Compiler Optimizations: So far, we have discussed different hardware related techniques for reducing the miss rates. Now, we shall discuss some options that the compiler can provide to reduce the miss rates. The compiler can easily reorganize the code, without affecting the correctness of the program. The compiler can profile code, identify conflicting sequences and do the reorganization accordingly. Reordering the instructions reduced misses by 50% for a 2-KB direct-mapped instruction cache with 4-byte blocks, and by 75% in an 8-KB cache. Another code optimization aims for better efficiency from long cache blocks. Aligning basic blocks so that the entry point is at the beginning of a cache block decreases the chance of a cache miss for sequential code. This improves both spatial and temporal locality of reference.

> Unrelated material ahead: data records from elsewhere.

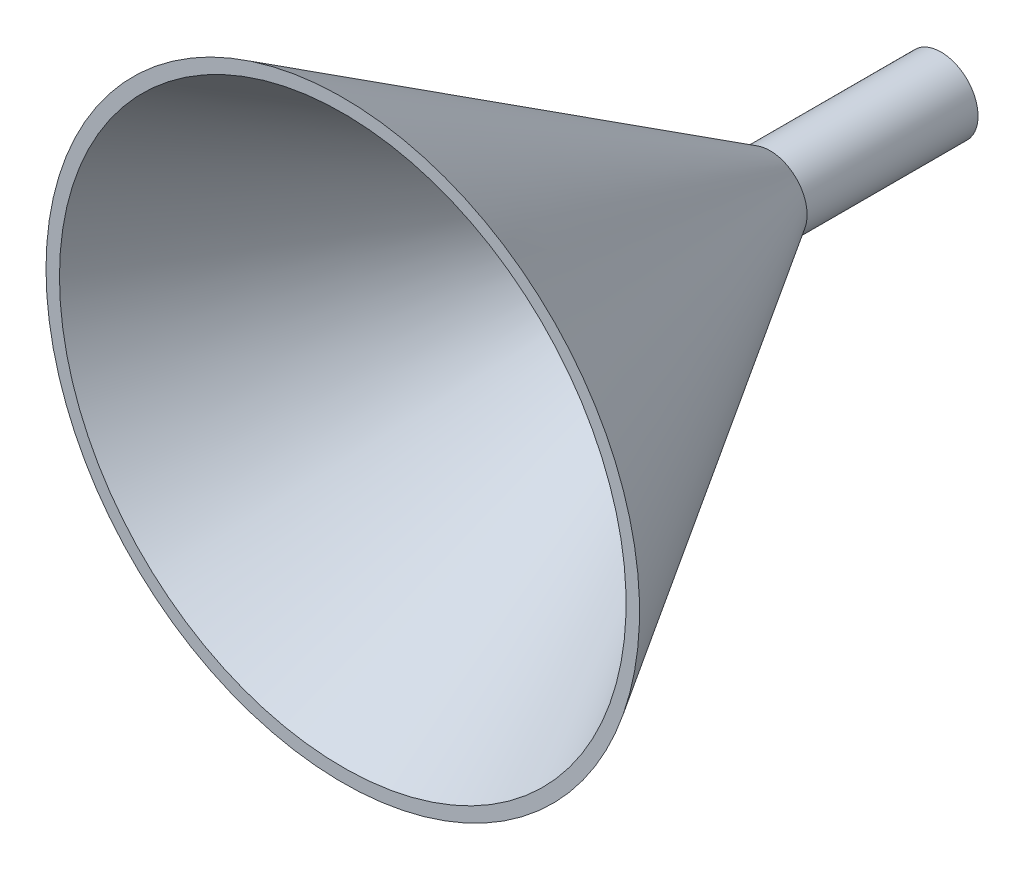
ISO-10303-21;
HEADER;
FILE_DESCRIPTION(('STEP AP214'),'2;1');
FILE_NAME('part.step','',(''),(''),'','','');
FILE_SCHEMA(('AUTOMOTIVE_DESIGN { 1 0 10303 214 1 1 1 1 }'));
ENDSEC;
DATA;
#1=APPLICATION_CONTEXT('core data for automotive mechanical design processes');
#2=APPLICATION_PROTOCOL_DEFINITION('international standard','automotive_design',2000,#1);
#3=PRODUCT_CONTEXT('',#1,'mechanical');
#4=PRODUCT('Part','Part','',(#3));
#5=PRODUCT_RELATED_PRODUCT_CATEGORY('part','',(#4));
#6=PRODUCT_DEFINITION_FORMATION('','',#4);
#7=PRODUCT_DEFINITION_CONTEXT('part definition',#1,'design');
#8=PRODUCT_DEFINITION('design','',#6,#7);
#9=PRODUCT_DEFINITION_SHAPE('','',#8);
#10=(LENGTH_UNIT() NAMED_UNIT(*) SI_UNIT(.MILLI.,.METRE.));
#11=(NAMED_UNIT(*) PLANE_ANGLE_UNIT() SI_UNIT($,.RADIAN.));
#12=(NAMED_UNIT(*) SI_UNIT($,.STERADIAN.) SOLID_ANGLE_UNIT());
#13=UNCERTAINTY_MEASURE_WITH_UNIT(LENGTH_MEASURE(1.E-05),#10,'distance_accuracy_value','');
#14=(GEOMETRIC_REPRESENTATION_CONTEXT(3) GLOBAL_UNCERTAINTY_ASSIGNED_CONTEXT((#13)) GLOBAL_UNIT_ASSIGNED_CONTEXT((#10,
#11,#12)) REPRESENTATION_CONTEXT('',''));
#15=CARTESIAN_POINT('',(0.,0.,0.));
#16=DIRECTION('',(0.,0.,1.));
#17=DIRECTION('',(1.,0.,0.));
#18=AXIS2_PLACEMENT_3D('',#15,#16,#17);
#19=CARTESIAN_POINT('',(0.,0.,0.));
#20=DIRECTION('',(0.,0.,1.));
#21=DIRECTION('',(1.,0.,0.));
#22=AXIS2_PLACEMENT_3D('',#19,#20,#21);
#23=PLANE('',#22);
#24=CARTESIAN_POINT('',(-4.,0.,0.));
#25=DIRECTION('',(0.,0.,-1.));
#26=DIRECTION('',(-1.,0.,0.));
#27=AXIS2_PLACEMENT_3D('',#24,#25,#26);
#28=CIRCLE('',#27,4.);
#29=CARTESIAN_POINT('',(-8.,0.,0.));
#30=VERTEX_POINT('',#29);
#31=EDGE_CURVE('E55',#30,#30,#28,.T.);
#32=ORIENTED_EDGE('',*,*,#31,.F.);
#33=EDGE_LOOP('',(#32));
#34=FACE_BOUND('',#33,.T.);
#35=CARTESIAN_POINT('',(-4.,0.,0.));
#36=DIRECTION('',(0.,0.,-1.));
#37=DIRECTION('',(-1.,0.,0.));
#38=AXIS2_PLACEMENT_3D('',#35,#36,#37);
#39=CIRCLE('',#38,5.5);
#40=CARTESIAN_POINT('',(-9.5,0.,0.));
#41=VERTEX_POINT('',#40);
#42=EDGE_CURVE('E10',#41,#41,#39,.T.);
#43=ORIENTED_EDGE('',*,*,#42,.T.);
#44=EDGE_LOOP('',(#43));
#45=FACE_BOUND('',#44,.T.);
#46=ADVANCED_FACE('F33',(#34,#45),#23,.F.);
#47=CARTESIAN_POINT('',(-4.,0.,0.));
#48=DIRECTION('',(0.,0.,-1.));
#49=DIRECTION('',(-1.,0.,0.));
#50=AXIS2_PLACEMENT_3D('',#47,#48,#49);
#51=CYLINDRICAL_SURFACE('',#50,5.5);
#52=ORIENTED_EDGE('',*,*,#42,.F.);
#53=EDGE_LOOP('',(#52));
#54=FACE_BOUND('',#53,.T.);
#55=CARTESIAN_POINT('',(-4.,0.,25.4));
#56=DIRECTION('',(0.,0.,-1.));
#57=DIRECTION('',(-1.,0.,0.));
#58=AXIS2_PLACEMENT_3D('',#55,#56,#57);
#59=CIRCLE('',#58,5.5);
#60=CARTESIAN_POINT('',(-9.5,0.,25.4));
#61=VERTEX_POINT('',#60);
#62=EDGE_CURVE('E39',#61,#61,#59,.T.);
#63=ORIENTED_EDGE('',*,*,#62,.T.);
#64=EDGE_LOOP('',(#63));
#65=FACE_BOUND('',#64,.T.);
#66=ADVANCED_FACE('F62',(#54,#65),#51,.T.);
#67=CARTESIAN_POINT('',(-3.99999999999999,0.,88.9));
#68=DIRECTION('',(0.,0.,1.));
#69=DIRECTION('',(1.,0.,0.));
#70=AXIS2_PLACEMENT_3D('',#67,#68,#69);
#71=CONICAL_SURFACE('',#70,44.1,0.546189110839705);
#72=ORIENTED_EDGE('',*,*,#62,.F.);
#73=EDGE_LOOP('',(#72));
#74=FACE_BOUND('',#73,.T.);
#75=CARTESIAN_POINT('',(-3.99999999999999,0.,88.9));
#76=DIRECTION('',(0.,0.,-1.));
#77=DIRECTION('',(-1.,0.,0.));
#78=AXIS2_PLACEMENT_3D('',#75,#76,#77);
#79=CIRCLE('',#78,44.1);
#80=CARTESIAN_POINT('',(-48.1,0.,88.9));
#81=VERTEX_POINT('',#80);
#82=EDGE_CURVE('E43',#81,#81,#79,.T.);
#83=ORIENTED_EDGE('',*,*,#82,.T.);
#84=EDGE_LOOP('',(#83));
#85=FACE_BOUND('',#84,.T.);
#86=ADVANCED_FACE('F66',(#74,#85),#71,.T.);
#87=CARTESIAN_POINT('',(40.1,0.,88.9));
#88=DIRECTION('',(0.,0.,-1.));
#89=DIRECTION('',(-1.,0.,0.));
#90=AXIS2_PLACEMENT_3D('',#87,#88,#89);
#91=PLANE('',#90);
#92=ORIENTED_EDGE('',*,*,#82,.F.);
#93=EDGE_LOOP('',(#92));
#94=FACE_BOUND('',#93,.T.);
#95=CARTESIAN_POINT('',(-3.99999999999999,0.,88.9));
#96=DIRECTION('',(0.,0.,-1.));
#97=DIRECTION('',(-1.,0.,0.));
#98=AXIS2_PLACEMENT_3D('',#95,#96,#97);
#99=CIRCLE('',#98,42.1);
#100=CARTESIAN_POINT('',(-46.1,0.,88.9));
#101=VERTEX_POINT('',#100);
#102=EDGE_CURVE('E47',#101,#101,#99,.T.);
#103=ORIENTED_EDGE('',*,*,#102,.T.);
#104=EDGE_LOOP('',(#103));
#105=FACE_BOUND('',#104,.T.);
#106=ADVANCED_FACE('F71',(#94,#105),#91,.F.);
#107=CARTESIAN_POINT('',(-4.,0.,25.4));
#108=DIRECTION('',(0.,0.,1.));
#109=DIRECTION('',(1.,0.,0.));
#110=AXIS2_PLACEMENT_3D('',#107,#108,#109);
#111=CONICAL_SURFACE('',#110,4.,0.540419500270584);
#112=ORIENTED_EDGE('',*,*,#102,.F.);
#113=EDGE_LOOP('',(#112));
#114=FACE_BOUND('',#113,.T.);
#115=CARTESIAN_POINT('',(-4.,0.,25.4));
#116=DIRECTION('',(0.,0.,-1.));
#117=DIRECTION('',(-1.,0.,0.));
#118=AXIS2_PLACEMENT_3D('',#115,#116,#117);
#119=CIRCLE('',#118,4.);
#120=CARTESIAN_POINT('',(-7.99999999999999,0.,25.4));
#121=VERTEX_POINT('',#120);
#122=EDGE_CURVE('E52',#121,#121,#119,.T.);
#123=ORIENTED_EDGE('',*,*,#122,.T.);
#124=EDGE_LOOP('',(#123));
#125=FACE_BOUND('',#124,.T.);
#126=ADVANCED_FACE('F77',(#114,#125),#111,.F.);
#127=CARTESIAN_POINT('',(-4.,0.,0.));
#128=DIRECTION('',(0.,0.,-1.));
#129=DIRECTION('',(-1.,0.,0.));
#130=AXIS2_PLACEMENT_3D('',#127,#128,#129);
#131=CYLINDRICAL_SURFACE('',#130,4.);
#132=ORIENTED_EDGE('',*,*,#122,.F.);
#133=EDGE_LOOP('',(#132));
#134=FACE_BOUND('',#133,.T.);
#135=ORIENTED_EDGE('',*,*,#31,.T.);
#136=EDGE_LOOP('',(#135));
#137=FACE_BOUND('',#136,.T.);
#138=ADVANCED_FACE('F59',(#134,#137),#131,.F.);
#139=CLOSED_SHELL('',(#46,#66,#86,#106,#126,#138));
#140=MANIFOLD_SOLID_BREP('B2',#139);
#141=ADVANCED_BREP_SHAPE_REPRESENTATION('',(#18,#140),#14);
#142=SHAPE_DEFINITION_REPRESENTATION(#9,#141);
ENDSEC;
END-ISO-10303-21;

Now, looking at the data, there are even fewer restrictions on location than code. These transformations try to improve the spatial and temporal locality of the data. The general rule that is always adopted is that, once a data has been brought to cache, use it to the fullest possibility and then put it back in memory. We should not keep shifting data between the cache and main memory. For example, exploit the spatial locality of reference when accessing arrays. If arrays are stored in a row major order (column major order), then also access them accordingly, so that they will be available within the same block. We should not blindly stride through arrays in the order the programmer happened to place the loop. The following techniques illustrate these concepts.

Loop Interchange: Some programs have nested loops that access data in memory in non-sequential order. Simply exchanging the nesting of the loops can make the code access the data in the order it is stored. Assuming the arrays do not fit in cache, this technique reduces misses by improving spatial locality. The reordering that is done maximizes the use of the data in a cache block before it is discarded.